Ellen Amstutz, who leads the Vermont Parent Child Center Network, which would be among the largest recipients under the provider coalition’s current proposal, said this proposed reinforcement of her colleagues’ work is a logical step. The state’s 15 parent child centers already help clients through such paperwork in their broad role as providers of child care, parent education and other support services.
Recently, Amstutz said, centers have found their resources increasingly stretched, in part due to widening gaps in social service programs.
“This would be an ideal way for us to really build the capacity and be ready for virtually anything that comes our way,” Amstutz said of the training proposal.

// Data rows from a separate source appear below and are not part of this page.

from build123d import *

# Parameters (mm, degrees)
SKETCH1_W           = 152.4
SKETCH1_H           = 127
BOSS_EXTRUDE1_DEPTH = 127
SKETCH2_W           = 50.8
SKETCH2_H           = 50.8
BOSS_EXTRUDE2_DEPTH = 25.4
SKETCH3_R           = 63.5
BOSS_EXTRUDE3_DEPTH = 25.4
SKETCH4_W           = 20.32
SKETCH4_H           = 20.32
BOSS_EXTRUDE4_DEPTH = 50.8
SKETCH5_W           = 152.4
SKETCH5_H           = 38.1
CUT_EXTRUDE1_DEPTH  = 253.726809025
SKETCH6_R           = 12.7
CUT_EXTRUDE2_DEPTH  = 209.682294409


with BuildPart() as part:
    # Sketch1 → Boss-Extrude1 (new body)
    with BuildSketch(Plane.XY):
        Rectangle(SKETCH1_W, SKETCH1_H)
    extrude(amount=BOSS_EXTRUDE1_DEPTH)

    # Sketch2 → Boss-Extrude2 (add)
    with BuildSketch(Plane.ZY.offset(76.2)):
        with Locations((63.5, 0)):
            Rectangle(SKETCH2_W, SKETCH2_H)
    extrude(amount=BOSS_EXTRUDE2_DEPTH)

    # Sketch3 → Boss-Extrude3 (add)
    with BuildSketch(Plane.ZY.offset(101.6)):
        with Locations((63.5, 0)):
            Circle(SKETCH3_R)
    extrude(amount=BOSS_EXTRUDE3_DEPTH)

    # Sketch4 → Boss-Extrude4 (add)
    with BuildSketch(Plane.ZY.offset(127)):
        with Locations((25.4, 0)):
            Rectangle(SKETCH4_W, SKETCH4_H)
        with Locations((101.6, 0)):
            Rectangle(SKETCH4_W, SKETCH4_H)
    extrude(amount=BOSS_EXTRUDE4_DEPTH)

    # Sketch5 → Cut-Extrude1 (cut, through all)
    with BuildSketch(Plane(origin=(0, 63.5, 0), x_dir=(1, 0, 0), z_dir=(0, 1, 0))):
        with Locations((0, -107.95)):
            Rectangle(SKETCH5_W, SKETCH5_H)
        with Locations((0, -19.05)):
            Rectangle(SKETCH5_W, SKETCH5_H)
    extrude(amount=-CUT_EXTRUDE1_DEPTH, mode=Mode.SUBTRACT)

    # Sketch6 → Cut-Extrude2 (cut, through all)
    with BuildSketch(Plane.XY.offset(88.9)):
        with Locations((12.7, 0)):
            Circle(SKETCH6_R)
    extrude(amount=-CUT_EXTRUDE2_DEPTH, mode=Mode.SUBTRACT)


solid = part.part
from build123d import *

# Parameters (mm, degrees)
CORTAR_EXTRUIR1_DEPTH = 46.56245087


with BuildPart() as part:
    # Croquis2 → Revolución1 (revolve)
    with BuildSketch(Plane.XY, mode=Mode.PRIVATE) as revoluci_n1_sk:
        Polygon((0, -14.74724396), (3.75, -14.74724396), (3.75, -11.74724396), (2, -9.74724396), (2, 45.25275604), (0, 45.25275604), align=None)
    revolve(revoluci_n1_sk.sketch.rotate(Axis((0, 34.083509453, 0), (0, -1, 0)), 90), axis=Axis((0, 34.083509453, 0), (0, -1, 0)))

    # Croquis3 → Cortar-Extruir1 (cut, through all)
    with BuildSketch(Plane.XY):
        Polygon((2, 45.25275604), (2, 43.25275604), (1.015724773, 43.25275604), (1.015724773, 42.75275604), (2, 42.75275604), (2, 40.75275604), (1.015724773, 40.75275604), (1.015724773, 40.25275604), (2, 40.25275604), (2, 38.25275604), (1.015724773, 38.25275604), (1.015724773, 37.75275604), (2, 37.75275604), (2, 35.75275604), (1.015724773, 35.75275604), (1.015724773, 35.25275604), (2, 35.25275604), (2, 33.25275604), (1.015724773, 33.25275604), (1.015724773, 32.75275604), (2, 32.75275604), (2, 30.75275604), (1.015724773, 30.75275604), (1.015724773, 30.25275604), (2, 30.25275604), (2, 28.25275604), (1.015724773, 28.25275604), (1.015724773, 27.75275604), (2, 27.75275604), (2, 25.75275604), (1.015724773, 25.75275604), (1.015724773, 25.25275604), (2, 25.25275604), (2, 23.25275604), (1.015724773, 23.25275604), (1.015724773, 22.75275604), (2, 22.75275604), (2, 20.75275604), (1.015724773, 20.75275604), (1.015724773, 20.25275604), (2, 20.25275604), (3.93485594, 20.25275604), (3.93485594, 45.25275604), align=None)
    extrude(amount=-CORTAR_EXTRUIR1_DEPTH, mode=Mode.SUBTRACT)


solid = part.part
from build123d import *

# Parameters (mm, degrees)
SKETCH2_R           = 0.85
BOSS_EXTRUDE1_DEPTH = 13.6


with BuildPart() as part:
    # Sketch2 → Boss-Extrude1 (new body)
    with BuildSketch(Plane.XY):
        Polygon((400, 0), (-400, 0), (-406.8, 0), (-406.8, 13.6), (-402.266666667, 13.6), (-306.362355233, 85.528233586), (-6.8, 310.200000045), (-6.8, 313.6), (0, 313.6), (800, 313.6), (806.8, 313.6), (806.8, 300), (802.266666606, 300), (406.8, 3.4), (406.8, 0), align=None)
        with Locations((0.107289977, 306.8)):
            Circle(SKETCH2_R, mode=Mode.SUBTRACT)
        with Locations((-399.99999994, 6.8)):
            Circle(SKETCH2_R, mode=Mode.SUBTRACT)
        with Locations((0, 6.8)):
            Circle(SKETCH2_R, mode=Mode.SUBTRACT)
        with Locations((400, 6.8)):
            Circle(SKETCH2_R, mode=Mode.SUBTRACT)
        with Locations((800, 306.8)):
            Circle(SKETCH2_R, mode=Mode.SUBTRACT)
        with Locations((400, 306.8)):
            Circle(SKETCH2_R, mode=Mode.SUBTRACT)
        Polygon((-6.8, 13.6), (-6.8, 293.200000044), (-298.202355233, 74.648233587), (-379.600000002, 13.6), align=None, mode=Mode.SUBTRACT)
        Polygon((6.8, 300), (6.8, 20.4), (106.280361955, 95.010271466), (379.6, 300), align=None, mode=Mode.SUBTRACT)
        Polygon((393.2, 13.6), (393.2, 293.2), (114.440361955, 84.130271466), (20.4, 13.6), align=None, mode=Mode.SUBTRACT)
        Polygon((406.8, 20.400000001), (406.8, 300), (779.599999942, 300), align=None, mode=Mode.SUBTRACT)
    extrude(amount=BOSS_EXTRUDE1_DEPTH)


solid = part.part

House Human Services Committee chair Rep. Theresa Wood, D-Waterbury, agreed. In a memo to House colleagues at work on next year’s budget, her committee recommended full funding for the plan in the strongest possible terms.
“It’s compelling,” she said in an interview of the coalition’s plan, given the “extraordinary” administrative burdens newly imposed on Vermonters under federal law. Due to time constraints, she added, most of the proposal “didn’t get the attention that it deserved” before the House’s version of the budget passed last month.
Wood recommended that her colleagues draw from a pot of money set aside last year to make up for cuts to federal grants. So far, the fund has been relatively untouched except for the state’s move to cover SNAP benefits for Vermonters during last fall’s federal shutdown.
Recent conversations with colleagues in both the House and Senate appropriations committees have left Wood optimistic that a somewhat slimmed-down version of the proposal will appear in the final version of the budget.
“If our partners at the federal level are not going to be partners in looking out for low-income individuals and people with disabilities,” Wood said, “then we’re going to do our best to do that here.”